**Activity**
From the entries below, copy exactly the lines from the one that contains "#186 = EDGE_CURVE" through the one that contains "#3884 = DIRECTION", both included, and only those.

BEGIN Data listing

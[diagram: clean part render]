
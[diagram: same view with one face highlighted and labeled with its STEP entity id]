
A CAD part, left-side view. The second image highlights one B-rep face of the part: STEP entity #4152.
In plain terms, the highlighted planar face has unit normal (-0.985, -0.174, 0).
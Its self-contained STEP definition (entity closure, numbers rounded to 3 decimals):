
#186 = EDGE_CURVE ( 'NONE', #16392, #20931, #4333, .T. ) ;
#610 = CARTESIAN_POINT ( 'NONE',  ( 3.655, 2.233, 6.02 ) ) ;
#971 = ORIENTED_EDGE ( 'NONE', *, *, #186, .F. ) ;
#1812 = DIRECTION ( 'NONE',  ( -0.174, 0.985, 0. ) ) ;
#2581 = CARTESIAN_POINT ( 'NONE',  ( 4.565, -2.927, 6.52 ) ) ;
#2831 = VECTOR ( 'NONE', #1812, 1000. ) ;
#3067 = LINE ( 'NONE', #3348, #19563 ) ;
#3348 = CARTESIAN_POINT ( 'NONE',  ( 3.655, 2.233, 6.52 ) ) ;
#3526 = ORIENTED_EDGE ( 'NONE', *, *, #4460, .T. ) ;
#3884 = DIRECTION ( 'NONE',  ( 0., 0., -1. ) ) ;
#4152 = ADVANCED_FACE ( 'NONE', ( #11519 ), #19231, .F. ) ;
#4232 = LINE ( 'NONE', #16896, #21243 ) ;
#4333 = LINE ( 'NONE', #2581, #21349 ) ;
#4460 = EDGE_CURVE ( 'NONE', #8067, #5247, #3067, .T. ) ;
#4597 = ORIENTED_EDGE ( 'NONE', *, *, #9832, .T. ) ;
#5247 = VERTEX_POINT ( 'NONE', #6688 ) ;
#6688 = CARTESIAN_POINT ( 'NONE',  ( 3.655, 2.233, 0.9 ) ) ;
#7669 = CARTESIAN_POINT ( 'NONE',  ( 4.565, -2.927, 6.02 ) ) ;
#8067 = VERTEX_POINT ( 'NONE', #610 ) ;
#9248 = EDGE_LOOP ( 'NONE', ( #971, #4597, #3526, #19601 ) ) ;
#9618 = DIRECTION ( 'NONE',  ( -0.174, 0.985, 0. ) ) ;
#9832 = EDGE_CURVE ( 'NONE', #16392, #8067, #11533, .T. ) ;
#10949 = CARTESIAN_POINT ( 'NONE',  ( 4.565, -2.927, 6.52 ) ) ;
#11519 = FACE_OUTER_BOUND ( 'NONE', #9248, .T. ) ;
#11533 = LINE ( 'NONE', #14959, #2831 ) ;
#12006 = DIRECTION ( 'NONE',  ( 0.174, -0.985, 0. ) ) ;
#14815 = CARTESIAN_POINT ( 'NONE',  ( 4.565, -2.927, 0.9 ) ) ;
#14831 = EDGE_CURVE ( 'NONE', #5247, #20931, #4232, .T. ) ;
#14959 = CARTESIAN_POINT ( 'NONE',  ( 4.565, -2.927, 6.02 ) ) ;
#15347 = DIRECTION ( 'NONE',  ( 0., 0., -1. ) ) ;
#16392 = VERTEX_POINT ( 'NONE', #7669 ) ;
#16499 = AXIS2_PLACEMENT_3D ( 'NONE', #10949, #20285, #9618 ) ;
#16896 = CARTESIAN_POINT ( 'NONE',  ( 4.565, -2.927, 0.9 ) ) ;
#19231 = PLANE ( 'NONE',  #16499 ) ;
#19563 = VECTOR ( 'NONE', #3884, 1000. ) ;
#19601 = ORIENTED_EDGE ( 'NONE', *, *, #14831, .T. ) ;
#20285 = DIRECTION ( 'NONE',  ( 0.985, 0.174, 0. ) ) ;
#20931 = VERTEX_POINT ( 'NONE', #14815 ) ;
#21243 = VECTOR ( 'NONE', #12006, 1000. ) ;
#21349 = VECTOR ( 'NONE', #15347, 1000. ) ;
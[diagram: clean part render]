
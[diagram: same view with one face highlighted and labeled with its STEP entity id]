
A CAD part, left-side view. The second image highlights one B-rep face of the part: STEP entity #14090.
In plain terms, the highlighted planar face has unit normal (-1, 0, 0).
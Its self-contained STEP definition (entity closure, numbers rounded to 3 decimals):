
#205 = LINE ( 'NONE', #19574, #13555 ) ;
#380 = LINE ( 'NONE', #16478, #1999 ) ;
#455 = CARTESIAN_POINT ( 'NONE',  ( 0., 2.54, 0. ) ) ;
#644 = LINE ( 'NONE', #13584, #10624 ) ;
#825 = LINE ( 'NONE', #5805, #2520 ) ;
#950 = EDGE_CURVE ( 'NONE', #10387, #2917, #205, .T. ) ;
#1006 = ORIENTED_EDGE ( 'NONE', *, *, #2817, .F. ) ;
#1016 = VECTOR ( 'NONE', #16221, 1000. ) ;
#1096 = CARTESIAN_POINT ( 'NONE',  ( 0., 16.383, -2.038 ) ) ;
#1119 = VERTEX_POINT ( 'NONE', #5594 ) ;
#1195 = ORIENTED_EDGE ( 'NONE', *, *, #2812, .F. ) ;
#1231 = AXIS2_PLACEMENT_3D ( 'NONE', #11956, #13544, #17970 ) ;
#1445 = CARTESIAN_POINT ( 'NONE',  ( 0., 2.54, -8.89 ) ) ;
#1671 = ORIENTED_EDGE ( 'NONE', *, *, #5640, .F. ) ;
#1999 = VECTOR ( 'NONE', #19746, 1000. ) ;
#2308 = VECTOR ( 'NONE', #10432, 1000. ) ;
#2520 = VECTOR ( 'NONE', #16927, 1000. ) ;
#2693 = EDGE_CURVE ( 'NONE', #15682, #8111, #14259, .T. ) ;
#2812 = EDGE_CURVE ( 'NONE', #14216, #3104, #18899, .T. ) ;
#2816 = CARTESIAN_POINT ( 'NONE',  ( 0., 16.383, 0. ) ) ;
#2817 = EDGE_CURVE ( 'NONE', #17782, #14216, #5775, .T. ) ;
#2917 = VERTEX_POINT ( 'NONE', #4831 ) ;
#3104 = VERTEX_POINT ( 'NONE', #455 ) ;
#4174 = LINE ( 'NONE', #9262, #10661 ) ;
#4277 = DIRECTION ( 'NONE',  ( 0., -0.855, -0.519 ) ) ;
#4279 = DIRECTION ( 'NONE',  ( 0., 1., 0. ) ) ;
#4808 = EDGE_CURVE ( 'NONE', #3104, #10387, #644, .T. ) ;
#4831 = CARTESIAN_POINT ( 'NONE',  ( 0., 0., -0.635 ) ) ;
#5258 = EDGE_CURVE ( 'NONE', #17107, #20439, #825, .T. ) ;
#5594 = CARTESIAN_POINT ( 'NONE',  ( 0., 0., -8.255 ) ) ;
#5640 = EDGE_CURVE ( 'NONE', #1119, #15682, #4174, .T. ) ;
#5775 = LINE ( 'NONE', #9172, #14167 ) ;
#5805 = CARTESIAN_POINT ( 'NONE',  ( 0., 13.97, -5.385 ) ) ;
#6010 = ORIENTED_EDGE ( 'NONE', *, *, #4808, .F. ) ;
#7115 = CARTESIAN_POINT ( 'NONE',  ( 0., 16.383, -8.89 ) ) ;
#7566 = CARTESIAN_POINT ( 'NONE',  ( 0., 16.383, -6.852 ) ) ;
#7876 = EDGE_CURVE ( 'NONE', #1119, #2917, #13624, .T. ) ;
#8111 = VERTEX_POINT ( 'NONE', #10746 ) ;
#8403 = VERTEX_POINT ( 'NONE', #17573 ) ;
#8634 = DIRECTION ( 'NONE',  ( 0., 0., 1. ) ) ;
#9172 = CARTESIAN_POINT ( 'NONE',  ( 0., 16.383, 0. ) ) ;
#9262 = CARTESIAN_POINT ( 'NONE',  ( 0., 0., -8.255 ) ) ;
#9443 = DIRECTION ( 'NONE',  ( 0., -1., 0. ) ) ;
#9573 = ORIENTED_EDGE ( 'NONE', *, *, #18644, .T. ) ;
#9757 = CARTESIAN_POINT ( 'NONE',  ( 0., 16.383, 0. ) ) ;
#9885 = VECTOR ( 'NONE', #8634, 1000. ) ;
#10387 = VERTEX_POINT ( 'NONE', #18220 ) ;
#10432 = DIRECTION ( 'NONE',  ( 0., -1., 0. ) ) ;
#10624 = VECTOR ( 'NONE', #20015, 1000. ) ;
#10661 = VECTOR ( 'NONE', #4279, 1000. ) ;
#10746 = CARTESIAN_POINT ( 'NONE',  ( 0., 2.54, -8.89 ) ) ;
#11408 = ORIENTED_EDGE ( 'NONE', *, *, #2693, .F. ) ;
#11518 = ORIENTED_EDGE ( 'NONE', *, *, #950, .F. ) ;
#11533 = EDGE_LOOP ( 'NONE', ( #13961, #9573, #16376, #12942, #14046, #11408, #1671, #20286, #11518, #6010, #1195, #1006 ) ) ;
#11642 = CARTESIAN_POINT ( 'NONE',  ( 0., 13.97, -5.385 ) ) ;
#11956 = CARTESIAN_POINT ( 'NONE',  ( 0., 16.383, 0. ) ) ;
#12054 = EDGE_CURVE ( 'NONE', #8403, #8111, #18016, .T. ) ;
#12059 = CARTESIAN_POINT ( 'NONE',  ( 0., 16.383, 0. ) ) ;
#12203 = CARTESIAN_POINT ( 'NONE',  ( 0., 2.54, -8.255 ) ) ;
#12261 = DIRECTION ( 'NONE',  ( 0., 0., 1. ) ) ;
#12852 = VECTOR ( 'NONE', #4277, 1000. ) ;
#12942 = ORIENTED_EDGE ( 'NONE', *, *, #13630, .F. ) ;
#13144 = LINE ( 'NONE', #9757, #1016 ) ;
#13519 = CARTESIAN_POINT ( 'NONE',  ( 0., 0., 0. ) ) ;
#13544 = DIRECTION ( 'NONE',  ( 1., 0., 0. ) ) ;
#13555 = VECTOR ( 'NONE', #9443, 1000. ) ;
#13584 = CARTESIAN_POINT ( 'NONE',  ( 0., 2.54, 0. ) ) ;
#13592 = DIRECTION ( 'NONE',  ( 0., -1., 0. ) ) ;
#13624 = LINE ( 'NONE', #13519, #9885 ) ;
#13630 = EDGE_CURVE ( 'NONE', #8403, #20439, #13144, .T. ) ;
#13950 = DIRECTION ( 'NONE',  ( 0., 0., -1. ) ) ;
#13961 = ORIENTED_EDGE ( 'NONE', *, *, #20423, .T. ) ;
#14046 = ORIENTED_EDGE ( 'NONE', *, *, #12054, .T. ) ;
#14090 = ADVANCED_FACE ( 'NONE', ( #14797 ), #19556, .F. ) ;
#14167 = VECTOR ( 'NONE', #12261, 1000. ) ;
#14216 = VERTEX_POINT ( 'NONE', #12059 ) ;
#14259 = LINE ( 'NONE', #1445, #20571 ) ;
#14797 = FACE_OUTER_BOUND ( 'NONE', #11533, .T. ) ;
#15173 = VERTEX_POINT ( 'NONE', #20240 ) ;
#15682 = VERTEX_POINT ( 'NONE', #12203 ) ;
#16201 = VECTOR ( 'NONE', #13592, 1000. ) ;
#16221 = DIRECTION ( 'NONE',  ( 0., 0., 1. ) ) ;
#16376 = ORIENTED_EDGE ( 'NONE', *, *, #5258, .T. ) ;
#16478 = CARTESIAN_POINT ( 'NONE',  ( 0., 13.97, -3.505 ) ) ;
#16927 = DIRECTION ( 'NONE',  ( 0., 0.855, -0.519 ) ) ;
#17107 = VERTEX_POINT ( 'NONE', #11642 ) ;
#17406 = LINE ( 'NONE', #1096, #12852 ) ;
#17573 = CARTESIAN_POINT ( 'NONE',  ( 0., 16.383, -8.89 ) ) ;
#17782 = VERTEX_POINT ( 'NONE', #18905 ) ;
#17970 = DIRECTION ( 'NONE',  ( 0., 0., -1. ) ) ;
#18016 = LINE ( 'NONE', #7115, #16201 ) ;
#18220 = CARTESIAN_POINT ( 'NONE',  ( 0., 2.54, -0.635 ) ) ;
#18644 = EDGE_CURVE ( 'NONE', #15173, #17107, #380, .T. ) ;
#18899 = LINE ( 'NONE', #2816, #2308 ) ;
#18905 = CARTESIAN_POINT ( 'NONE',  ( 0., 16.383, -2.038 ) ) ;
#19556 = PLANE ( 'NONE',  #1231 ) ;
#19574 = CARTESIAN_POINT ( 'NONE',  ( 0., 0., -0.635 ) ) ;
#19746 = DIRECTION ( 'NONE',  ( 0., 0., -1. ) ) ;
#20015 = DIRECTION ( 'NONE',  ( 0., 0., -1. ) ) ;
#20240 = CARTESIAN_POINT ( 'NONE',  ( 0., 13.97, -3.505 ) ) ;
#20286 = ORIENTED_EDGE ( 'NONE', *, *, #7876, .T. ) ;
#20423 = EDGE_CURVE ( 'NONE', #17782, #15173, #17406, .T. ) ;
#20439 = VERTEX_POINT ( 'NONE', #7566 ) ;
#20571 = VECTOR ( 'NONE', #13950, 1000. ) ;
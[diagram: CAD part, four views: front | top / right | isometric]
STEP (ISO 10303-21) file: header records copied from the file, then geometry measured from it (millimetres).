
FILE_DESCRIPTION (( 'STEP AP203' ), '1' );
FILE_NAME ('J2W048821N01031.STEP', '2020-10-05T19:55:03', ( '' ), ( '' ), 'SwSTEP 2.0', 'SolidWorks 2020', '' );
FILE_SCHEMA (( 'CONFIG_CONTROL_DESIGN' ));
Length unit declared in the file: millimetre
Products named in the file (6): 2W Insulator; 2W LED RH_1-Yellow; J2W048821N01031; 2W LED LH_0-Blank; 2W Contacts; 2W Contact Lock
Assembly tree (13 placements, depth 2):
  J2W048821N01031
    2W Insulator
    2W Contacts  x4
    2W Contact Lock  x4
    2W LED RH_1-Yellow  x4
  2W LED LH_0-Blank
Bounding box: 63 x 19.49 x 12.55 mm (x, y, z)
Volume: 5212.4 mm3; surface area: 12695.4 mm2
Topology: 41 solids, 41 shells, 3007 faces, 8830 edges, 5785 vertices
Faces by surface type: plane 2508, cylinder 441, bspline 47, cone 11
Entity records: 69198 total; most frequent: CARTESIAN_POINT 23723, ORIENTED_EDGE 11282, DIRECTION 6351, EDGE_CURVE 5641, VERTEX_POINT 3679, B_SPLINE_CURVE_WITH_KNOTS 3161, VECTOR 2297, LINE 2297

END Data listing

**Task answer**
#186 = EDGE_CURVE ( 'NONE', #16392, #20931, #4333, .T. ) ;
#610 = CARTESIAN_POINT ( 'NONE',  ( 3.655, 2.233, 6.02 ) ) ;
#971 = ORIENTED_EDGE ( 'NONE', *, *, #186, .F. ) ;
#1812 = DIRECTION ( 'NONE',  ( -0.174, 0.985, 0. ) ) ;
#2581 = CARTESIAN_POINT ( 'NONE',  ( 4.565, -2.927, 6.52 ) ) ;
#2831 = VECTOR ( 'NONE', #1812, 1000. ) ;
#3067 = LINE ( 'NONE', #3348, #19563 ) ;
#3348 = CARTESIAN_POINT ( 'NONE',  ( 3.655, 2.233, 6.52 ) ) ;
#3526 = ORIENTED_EDGE ( 'NONE', *, *, #4460, .T. ) ;
#3884 = DIRECTION ( 'NONE',  ( 0., 0., -1. ) ) ;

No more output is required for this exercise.